What to produce:
Reproduce word for word the line that contains "#13781 = VERTEX_POINT ( 'NONE', #13460 ) ;" and each line that follows it, stopping after the final line of the material.

Provided data:
========================================

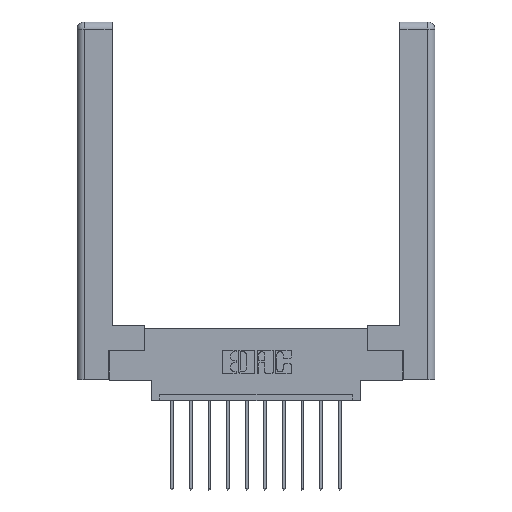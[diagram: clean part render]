
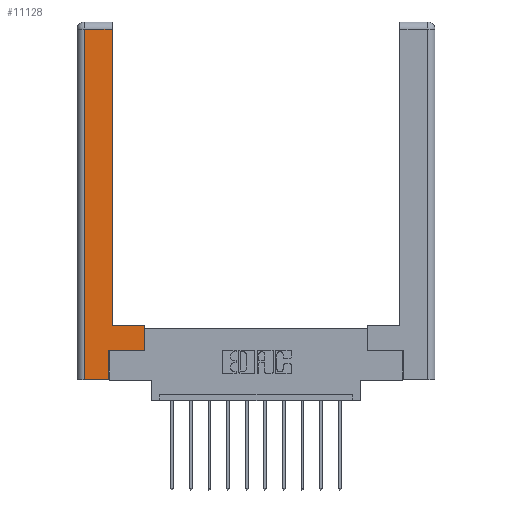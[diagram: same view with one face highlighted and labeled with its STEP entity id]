
A CAD part, top view. The second image highlights one B-rep face of the part: STEP entity #11128.
In plain terms, the highlighted planar face has unit normal (0, 0, 1).
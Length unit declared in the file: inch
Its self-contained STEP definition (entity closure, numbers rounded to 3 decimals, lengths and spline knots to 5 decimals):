
#524 = ORIENTED_EDGE ( 'NONE', *, *, #5786, .T. ) ;
#636 = VERTEX_POINT ( 'NONE', #3256 ) ;
#717 = VECTOR ( 'NONE', #6151, 39.37008 ) ;
#1035 = VECTOR ( 'NONE', #13896, 39.37008 ) ;
#1160 = VECTOR ( 'NONE', #9801, 39.37008 ) ;
#1185 = VERTEX_POINT ( 'NONE', #5174 ) ;
#1291 = DIRECTION ( 'NONE',  ( 0., 1., 0. ) ) ;
#1709 = CARTESIAN_POINT ( 'NONE',  ( 0.295, 2.94, 0. ) ) ;
#2078 = LINE ( 'NONE', #13196, #8469 ) ;
#2251 = VECTOR ( 'NONE', #3599, 39.37008 ) ;
#2332 = VERTEX_POINT ( 'NONE', #1709 ) ;
#2744 = ORIENTED_EDGE ( 'NONE', *, *, #6509, .T. ) ;
#3249 = DIRECTION ( 'NONE',  ( -1., 0., 0. ) ) ;
#3256 = CARTESIAN_POINT ( 'NONE',  ( 0.0615, 0., 0. ) ) ;
#3285 = EDGE_CURVE ( 'NONE', #1185, #636, #7981, .T. ) ;
#3516 = FACE_OUTER_BOUND ( 'NONE', #12142, .T. ) ;
#3599 = DIRECTION ( 'NONE',  ( -1., 0., 0. ) ) ;
#3624 = LINE ( 'NONE', #8224, #1035 ) ;
#3814 = VECTOR ( 'NONE', #6975, 39.37008 ) ;
#5174 = CARTESIAN_POINT ( 'NONE',  ( 0.0615, 2.94, 0. ) ) ;
#5191 = CARTESIAN_POINT ( 'NONE',  ( 0.0615, 2.94, 0. ) ) ;
#5786 = EDGE_CURVE ( 'NONE', #2332, #1185, #13368, .T. ) ;
#5839 = CARTESIAN_POINT ( 'NONE',  ( 0.295, 3., 0. ) ) ;
#6151 = DIRECTION ( 'NONE',  ( -1., 0., 0. ) ) ;
#6509 = EDGE_CURVE ( 'NONE', #12192, #11883, #3624, .T. ) ;
#6589 = LINE ( 'NONE', #11218, #2251 ) ;
#6975 = DIRECTION ( 'NONE',  ( 1., 0., 0. ) ) ;
#7752 = CARTESIAN_POINT ( 'NONE',  ( 0.265, 0., 0. ) ) ;
#7817 = VERTEX_POINT ( 'NONE', #11888 ) ;
#7862 = ORIENTED_EDGE ( 'NONE', *, *, #9004, .T. ) ;
#7981 = LINE ( 'NONE', #9492, #9014 ) ;
#8082 = CARTESIAN_POINT ( 'NONE',  ( 0.565, 0.245, 0. ) ) ;
#8224 = CARTESIAN_POINT ( 'NONE',  ( 0.265, 0.245, 0. ) ) ;
#8238 = LINE ( 'NONE', #9836, #1160 ) ;
#8240 = VERTEX_POINT ( 'NONE', #12932 ) ;
#8446 = CARTESIAN_POINT ( 'NONE',  ( 0.265, 0.245, 0. ) ) ;
#8469 = VECTOR ( 'NONE', #1291, 39.37008 ) ;
#8765 = CARTESIAN_POINT ( 'NONE',  ( 0., 0., 0. ) ) ;
#8837 = ORIENTED_EDGE ( 'NONE', *, *, #9351, .T. ) ;
#8847 = DIRECTION ( 'NONE',  ( 0., 0., -1. ) ) ;
#8943 = PLANE ( 'NONE',  #14324 ) ;
#8971 = EDGE_CURVE ( 'NONE', #11883, #13781, #11927, .T. ) ;
#9004 = EDGE_CURVE ( 'NONE', #8240, #7817, #6589, .T. ) ;
#9014 = VECTOR ( 'NONE', #12912, 39.37008 ) ;
#9054 = DIRECTION ( 'NONE',  ( 0., 1., 0. ) ) ;
#9351 = EDGE_CURVE ( 'NONE', #13781, #8240, #2078, .T. ) ;
#9461 = EDGE_CURVE ( 'NONE', #7817, #2332, #14375, .T. ) ;
#9492 = CARTESIAN_POINT ( 'NONE',  ( 0.0615, 0., 0. ) ) ;
#9631 = ORIENTED_EDGE ( 'NONE', *, *, #8971, .T. ) ;
#9801 = DIRECTION ( 'NONE',  ( 1., 0., 0. ) ) ;
#9836 = CARTESIAN_POINT ( 'NONE',  ( 0.265, 0., 0. ) ) ;
#10005 = ORIENTED_EDGE ( 'NONE', *, *, #3285, .T. ) ;
#10419 = ORIENTED_EDGE ( 'NONE', *, *, #9461, .T. ) ;
#11128 = ADVANCED_FACE ( 'NONE', ( #3516 ), #8943, .F. ) ;
#11218 = CARTESIAN_POINT ( 'NONE',  ( 0.295, 0.45, 0. ) ) ;
#11883 = VERTEX_POINT ( 'NONE', #8446 ) ;
#11888 = CARTESIAN_POINT ( 'NONE',  ( 0.295, 0.45, 0. ) ) ;
#11927 = LINE ( 'NONE', #8082, #3814 ) ;
#12056 = ORIENTED_EDGE ( 'NONE', *, *, #14248, .T. ) ;
#12142 = EDGE_LOOP ( 'NONE', ( #10419, #524, #10005, #12056, #2744, #9631, #8837, #7862 ) ) ;
#12192 = VERTEX_POINT ( 'NONE', #7752 ) ;
#12441 = VECTOR ( 'NONE', #9054, 39.37008 ) ;
#12912 = DIRECTION ( 'NONE',  ( 0., -1., 0. ) ) ;
#12932 = CARTESIAN_POINT ( 'NONE',  ( 0.565, 0.45, 0. ) ) ;
#13196 = CARTESIAN_POINT ( 'NONE',  ( 0.565, 0.45, 0. ) ) ;
#13368 = LINE ( 'NONE', #5191, #717 ) ;
#13460 = CARTESIAN_POINT ( 'NONE',  ( 0.565, 0.245, 0. ) ) ;
#13781 = VERTEX_POINT ( 'NONE', #13460 ) ;
#13896 = DIRECTION ( 'NONE',  ( 0., 1., 0. ) ) ;
#14248 = EDGE_CURVE ( 'NONE', #636, #12192, #8238, .T. ) ;
#14324 = AXIS2_PLACEMENT_3D ( 'NONE', #8765, #8847, #3249 ) ;
#14375 = LINE ( 'NONE', #5839, #12441 ) ;

========================================

Result of this exercise:
#13781 = VERTEX_POINT ( 'NONE', #13460 ) ;
#13896 = DIRECTION ( 'NONE',  ( 0., 1., 0. ) ) ;
#14248 = EDGE_CURVE ( 'NONE', #636, #12192, #8238, .T. ) ;
#14324 = AXIS2_PLACEMENT_3D ( 'NONE', #8765, #8847, #3249 ) ;
#14375 = LINE ( 'NONE', #5839, #12441 ) ;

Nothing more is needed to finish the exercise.